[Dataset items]
========
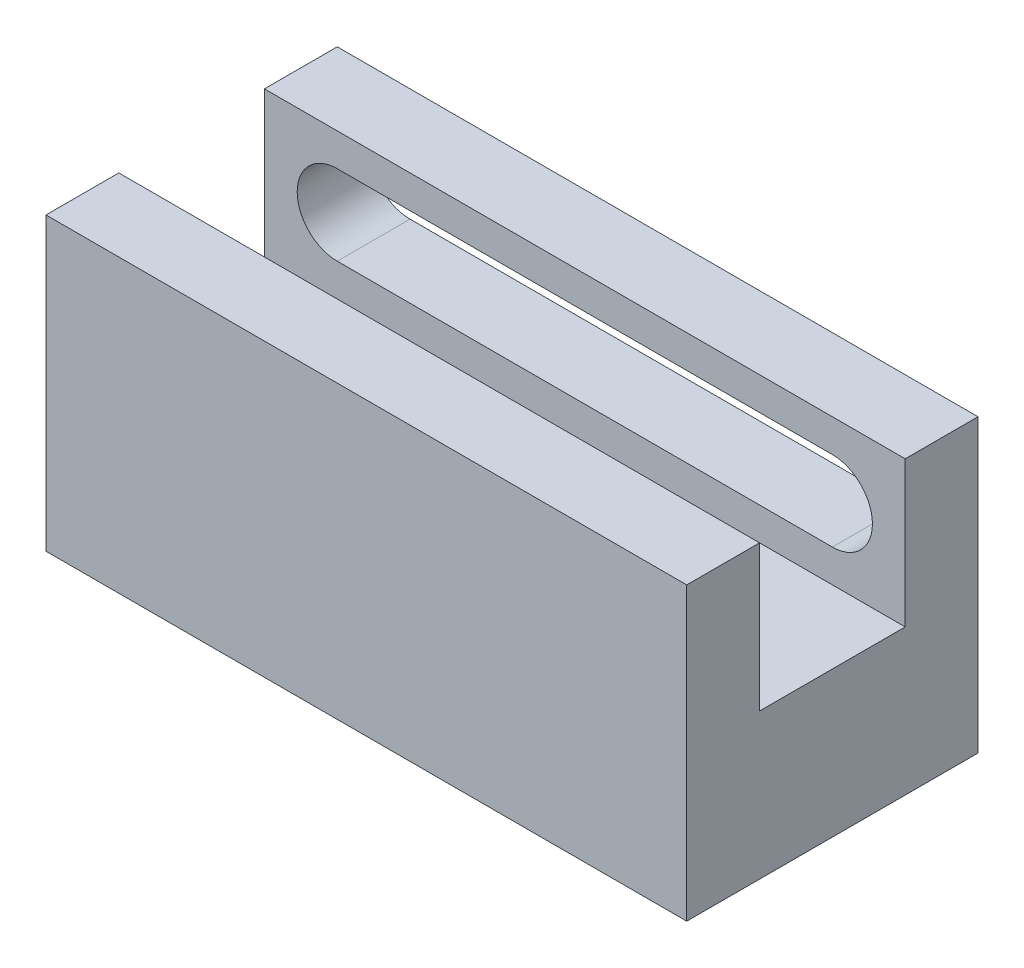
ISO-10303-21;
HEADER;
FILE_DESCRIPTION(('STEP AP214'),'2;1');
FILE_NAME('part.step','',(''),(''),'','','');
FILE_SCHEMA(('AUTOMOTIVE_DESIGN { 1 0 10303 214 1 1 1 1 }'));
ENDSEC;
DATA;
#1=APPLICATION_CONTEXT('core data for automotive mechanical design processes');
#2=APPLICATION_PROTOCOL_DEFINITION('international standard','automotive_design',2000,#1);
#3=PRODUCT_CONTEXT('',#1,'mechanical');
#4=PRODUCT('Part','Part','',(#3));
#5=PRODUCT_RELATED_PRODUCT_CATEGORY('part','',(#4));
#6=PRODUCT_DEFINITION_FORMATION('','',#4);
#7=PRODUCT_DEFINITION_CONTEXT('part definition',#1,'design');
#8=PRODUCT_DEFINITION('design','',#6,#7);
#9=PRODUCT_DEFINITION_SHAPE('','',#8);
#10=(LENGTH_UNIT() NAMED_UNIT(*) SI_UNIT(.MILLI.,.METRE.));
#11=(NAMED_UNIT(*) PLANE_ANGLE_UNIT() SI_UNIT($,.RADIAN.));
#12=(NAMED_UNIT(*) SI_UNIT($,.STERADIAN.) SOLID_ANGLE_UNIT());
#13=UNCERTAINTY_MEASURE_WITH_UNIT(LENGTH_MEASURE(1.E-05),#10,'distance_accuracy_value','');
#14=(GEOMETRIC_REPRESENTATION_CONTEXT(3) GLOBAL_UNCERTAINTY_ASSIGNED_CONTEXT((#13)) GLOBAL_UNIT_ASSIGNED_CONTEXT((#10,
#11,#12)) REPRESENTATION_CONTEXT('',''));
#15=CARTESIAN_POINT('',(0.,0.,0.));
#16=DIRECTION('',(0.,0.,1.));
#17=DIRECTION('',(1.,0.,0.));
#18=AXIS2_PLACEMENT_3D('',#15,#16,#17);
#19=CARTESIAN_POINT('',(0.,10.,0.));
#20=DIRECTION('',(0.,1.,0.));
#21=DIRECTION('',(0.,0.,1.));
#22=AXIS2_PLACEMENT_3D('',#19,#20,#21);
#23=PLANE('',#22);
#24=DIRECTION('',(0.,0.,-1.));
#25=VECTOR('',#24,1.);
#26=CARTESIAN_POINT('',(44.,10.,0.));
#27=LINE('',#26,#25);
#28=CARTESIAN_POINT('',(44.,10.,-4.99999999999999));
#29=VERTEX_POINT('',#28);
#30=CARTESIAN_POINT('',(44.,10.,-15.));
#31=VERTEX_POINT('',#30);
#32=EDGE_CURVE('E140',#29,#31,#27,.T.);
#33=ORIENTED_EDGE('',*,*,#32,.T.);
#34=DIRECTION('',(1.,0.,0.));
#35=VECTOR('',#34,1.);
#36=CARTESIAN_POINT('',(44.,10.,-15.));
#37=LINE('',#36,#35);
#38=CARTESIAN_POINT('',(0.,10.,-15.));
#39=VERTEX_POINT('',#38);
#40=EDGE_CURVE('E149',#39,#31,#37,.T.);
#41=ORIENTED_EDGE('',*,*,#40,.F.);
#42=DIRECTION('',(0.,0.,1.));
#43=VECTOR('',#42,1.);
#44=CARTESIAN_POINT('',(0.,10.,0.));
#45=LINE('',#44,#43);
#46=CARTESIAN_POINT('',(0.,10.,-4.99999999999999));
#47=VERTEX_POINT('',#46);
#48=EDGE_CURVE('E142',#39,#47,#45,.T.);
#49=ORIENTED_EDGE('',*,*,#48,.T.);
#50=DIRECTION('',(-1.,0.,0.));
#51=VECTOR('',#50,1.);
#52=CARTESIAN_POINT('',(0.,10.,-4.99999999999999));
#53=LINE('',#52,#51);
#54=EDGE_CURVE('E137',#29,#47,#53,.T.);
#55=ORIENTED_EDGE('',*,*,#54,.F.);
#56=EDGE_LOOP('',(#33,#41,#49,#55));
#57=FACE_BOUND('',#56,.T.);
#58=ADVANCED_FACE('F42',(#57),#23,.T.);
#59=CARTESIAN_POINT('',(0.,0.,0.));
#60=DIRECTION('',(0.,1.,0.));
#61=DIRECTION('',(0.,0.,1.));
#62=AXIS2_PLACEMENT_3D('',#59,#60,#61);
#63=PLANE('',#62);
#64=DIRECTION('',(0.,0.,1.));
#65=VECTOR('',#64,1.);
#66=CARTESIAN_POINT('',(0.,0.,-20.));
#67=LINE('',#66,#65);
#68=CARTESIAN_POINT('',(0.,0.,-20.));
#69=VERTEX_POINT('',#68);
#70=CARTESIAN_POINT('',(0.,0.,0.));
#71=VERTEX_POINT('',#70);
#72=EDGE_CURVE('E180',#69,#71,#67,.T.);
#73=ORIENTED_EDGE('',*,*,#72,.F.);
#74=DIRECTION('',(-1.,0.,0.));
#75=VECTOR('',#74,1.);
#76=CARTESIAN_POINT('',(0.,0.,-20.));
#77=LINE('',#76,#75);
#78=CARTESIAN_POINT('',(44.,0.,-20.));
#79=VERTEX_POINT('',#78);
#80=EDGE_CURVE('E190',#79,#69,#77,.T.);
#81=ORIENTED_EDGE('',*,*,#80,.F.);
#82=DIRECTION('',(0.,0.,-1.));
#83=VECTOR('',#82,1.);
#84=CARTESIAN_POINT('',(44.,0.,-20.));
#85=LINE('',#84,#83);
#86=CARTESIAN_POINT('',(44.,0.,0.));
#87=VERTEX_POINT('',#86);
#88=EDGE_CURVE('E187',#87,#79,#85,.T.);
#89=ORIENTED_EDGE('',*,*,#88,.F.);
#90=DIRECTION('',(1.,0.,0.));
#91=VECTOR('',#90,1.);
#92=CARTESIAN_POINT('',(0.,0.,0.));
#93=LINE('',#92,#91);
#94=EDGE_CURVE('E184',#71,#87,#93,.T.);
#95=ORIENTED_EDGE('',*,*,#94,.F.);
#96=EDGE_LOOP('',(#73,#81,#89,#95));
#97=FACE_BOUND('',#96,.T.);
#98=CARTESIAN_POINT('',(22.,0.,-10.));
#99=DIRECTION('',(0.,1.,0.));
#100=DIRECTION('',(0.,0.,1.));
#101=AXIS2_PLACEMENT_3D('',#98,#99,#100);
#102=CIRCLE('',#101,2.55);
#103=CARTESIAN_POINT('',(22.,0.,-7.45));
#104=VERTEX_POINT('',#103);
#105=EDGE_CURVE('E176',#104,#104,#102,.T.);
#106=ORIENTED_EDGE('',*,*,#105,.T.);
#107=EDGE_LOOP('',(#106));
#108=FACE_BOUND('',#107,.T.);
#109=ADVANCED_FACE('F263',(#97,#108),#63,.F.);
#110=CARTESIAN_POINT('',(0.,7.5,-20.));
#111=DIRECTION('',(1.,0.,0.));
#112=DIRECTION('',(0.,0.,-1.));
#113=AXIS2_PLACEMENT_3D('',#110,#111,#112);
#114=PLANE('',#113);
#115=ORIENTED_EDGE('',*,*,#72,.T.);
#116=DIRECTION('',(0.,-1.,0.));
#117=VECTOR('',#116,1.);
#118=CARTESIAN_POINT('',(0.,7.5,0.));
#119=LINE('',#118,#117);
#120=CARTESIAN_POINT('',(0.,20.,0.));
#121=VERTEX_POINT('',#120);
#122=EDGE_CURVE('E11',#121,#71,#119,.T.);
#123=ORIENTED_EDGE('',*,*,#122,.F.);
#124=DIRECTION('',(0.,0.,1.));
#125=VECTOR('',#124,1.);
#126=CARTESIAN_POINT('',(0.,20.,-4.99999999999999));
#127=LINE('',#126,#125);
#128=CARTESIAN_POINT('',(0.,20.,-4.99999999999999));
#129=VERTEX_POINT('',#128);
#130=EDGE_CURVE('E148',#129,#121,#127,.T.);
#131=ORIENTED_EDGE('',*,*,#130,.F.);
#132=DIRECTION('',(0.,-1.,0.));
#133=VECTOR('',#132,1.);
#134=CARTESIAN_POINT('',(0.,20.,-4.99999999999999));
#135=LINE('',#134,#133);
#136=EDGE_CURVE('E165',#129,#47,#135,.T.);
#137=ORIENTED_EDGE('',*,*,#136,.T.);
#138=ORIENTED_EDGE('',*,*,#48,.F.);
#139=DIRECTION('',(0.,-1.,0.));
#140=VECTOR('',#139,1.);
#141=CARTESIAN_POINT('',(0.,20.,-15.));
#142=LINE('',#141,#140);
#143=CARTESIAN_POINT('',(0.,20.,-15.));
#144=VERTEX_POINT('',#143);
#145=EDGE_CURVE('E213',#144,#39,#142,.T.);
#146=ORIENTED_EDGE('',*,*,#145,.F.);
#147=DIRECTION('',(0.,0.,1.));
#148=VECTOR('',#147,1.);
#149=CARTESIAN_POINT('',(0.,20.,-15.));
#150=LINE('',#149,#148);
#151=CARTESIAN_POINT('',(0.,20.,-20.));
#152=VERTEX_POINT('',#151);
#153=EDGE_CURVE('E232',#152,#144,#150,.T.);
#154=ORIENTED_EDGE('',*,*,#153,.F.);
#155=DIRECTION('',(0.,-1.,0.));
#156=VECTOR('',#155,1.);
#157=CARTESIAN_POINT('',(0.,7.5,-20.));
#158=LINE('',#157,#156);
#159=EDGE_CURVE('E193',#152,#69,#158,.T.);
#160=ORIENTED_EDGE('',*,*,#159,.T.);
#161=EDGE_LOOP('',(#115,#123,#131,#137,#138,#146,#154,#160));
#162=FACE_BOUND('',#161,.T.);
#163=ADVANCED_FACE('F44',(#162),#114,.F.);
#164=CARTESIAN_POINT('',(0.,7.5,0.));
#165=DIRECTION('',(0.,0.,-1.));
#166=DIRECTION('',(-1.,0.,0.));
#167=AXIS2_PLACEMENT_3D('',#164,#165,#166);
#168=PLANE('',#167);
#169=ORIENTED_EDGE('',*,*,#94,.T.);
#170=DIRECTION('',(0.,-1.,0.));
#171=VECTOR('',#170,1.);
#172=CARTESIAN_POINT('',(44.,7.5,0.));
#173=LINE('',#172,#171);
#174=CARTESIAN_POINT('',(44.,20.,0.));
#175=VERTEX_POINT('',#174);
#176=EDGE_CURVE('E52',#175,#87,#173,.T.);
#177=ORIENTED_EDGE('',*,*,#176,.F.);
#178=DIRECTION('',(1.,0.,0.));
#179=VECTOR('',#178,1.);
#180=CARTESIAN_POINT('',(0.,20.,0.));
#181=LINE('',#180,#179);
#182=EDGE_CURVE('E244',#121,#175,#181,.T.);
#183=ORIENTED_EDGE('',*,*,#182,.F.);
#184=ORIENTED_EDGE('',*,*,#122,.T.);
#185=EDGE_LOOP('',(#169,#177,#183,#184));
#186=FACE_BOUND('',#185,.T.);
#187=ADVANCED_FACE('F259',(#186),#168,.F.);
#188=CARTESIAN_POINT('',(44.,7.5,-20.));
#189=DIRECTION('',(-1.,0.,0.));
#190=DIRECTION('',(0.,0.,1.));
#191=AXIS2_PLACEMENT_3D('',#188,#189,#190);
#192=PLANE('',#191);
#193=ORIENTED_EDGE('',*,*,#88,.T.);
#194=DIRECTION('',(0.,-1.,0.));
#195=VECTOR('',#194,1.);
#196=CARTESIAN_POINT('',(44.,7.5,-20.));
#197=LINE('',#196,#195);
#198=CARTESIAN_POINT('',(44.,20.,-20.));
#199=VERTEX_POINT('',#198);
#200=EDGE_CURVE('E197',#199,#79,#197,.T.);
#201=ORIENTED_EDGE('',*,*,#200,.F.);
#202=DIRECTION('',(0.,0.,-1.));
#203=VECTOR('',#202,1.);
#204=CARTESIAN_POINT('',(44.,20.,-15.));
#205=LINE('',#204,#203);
========
Once the line containing "#8=PRODUCT_DEFINITION('design','',#6,#7);" has been located, transcribe exactly and only every line from the first line of the entries through it, excluding pictures.

ISO-10303-21;
HEADER;
FILE_DESCRIPTION(('STEP AP214'),'2;1');
FILE_NAME('part.step','',(''),(''),'','','');
FILE_SCHEMA(('AUTOMOTIVE_DESIGN { 1 0 10303 214 1 1 1 1 }'));
ENDSEC;
DATA;
#1=APPLICATION_CONTEXT('core data for automotive mechanical design processes');
#2=APPLICATION_PROTOCOL_DEFINITION('international standard','automotive_design',2000,#1);
#3=PRODUCT_CONTEXT('',#1,'mechanical');
#4=PRODUCT('Part','Part','',(#3));
#5=PRODUCT_RELATED_PRODUCT_CATEGORY('part','',(#4));
#6=PRODUCT_DEFINITION_FORMATION('','',#4);
#7=PRODUCT_DEFINITION_CONTEXT('part definition',#1,'design');
#8=PRODUCT_DEFINITION('design','',#6,#7);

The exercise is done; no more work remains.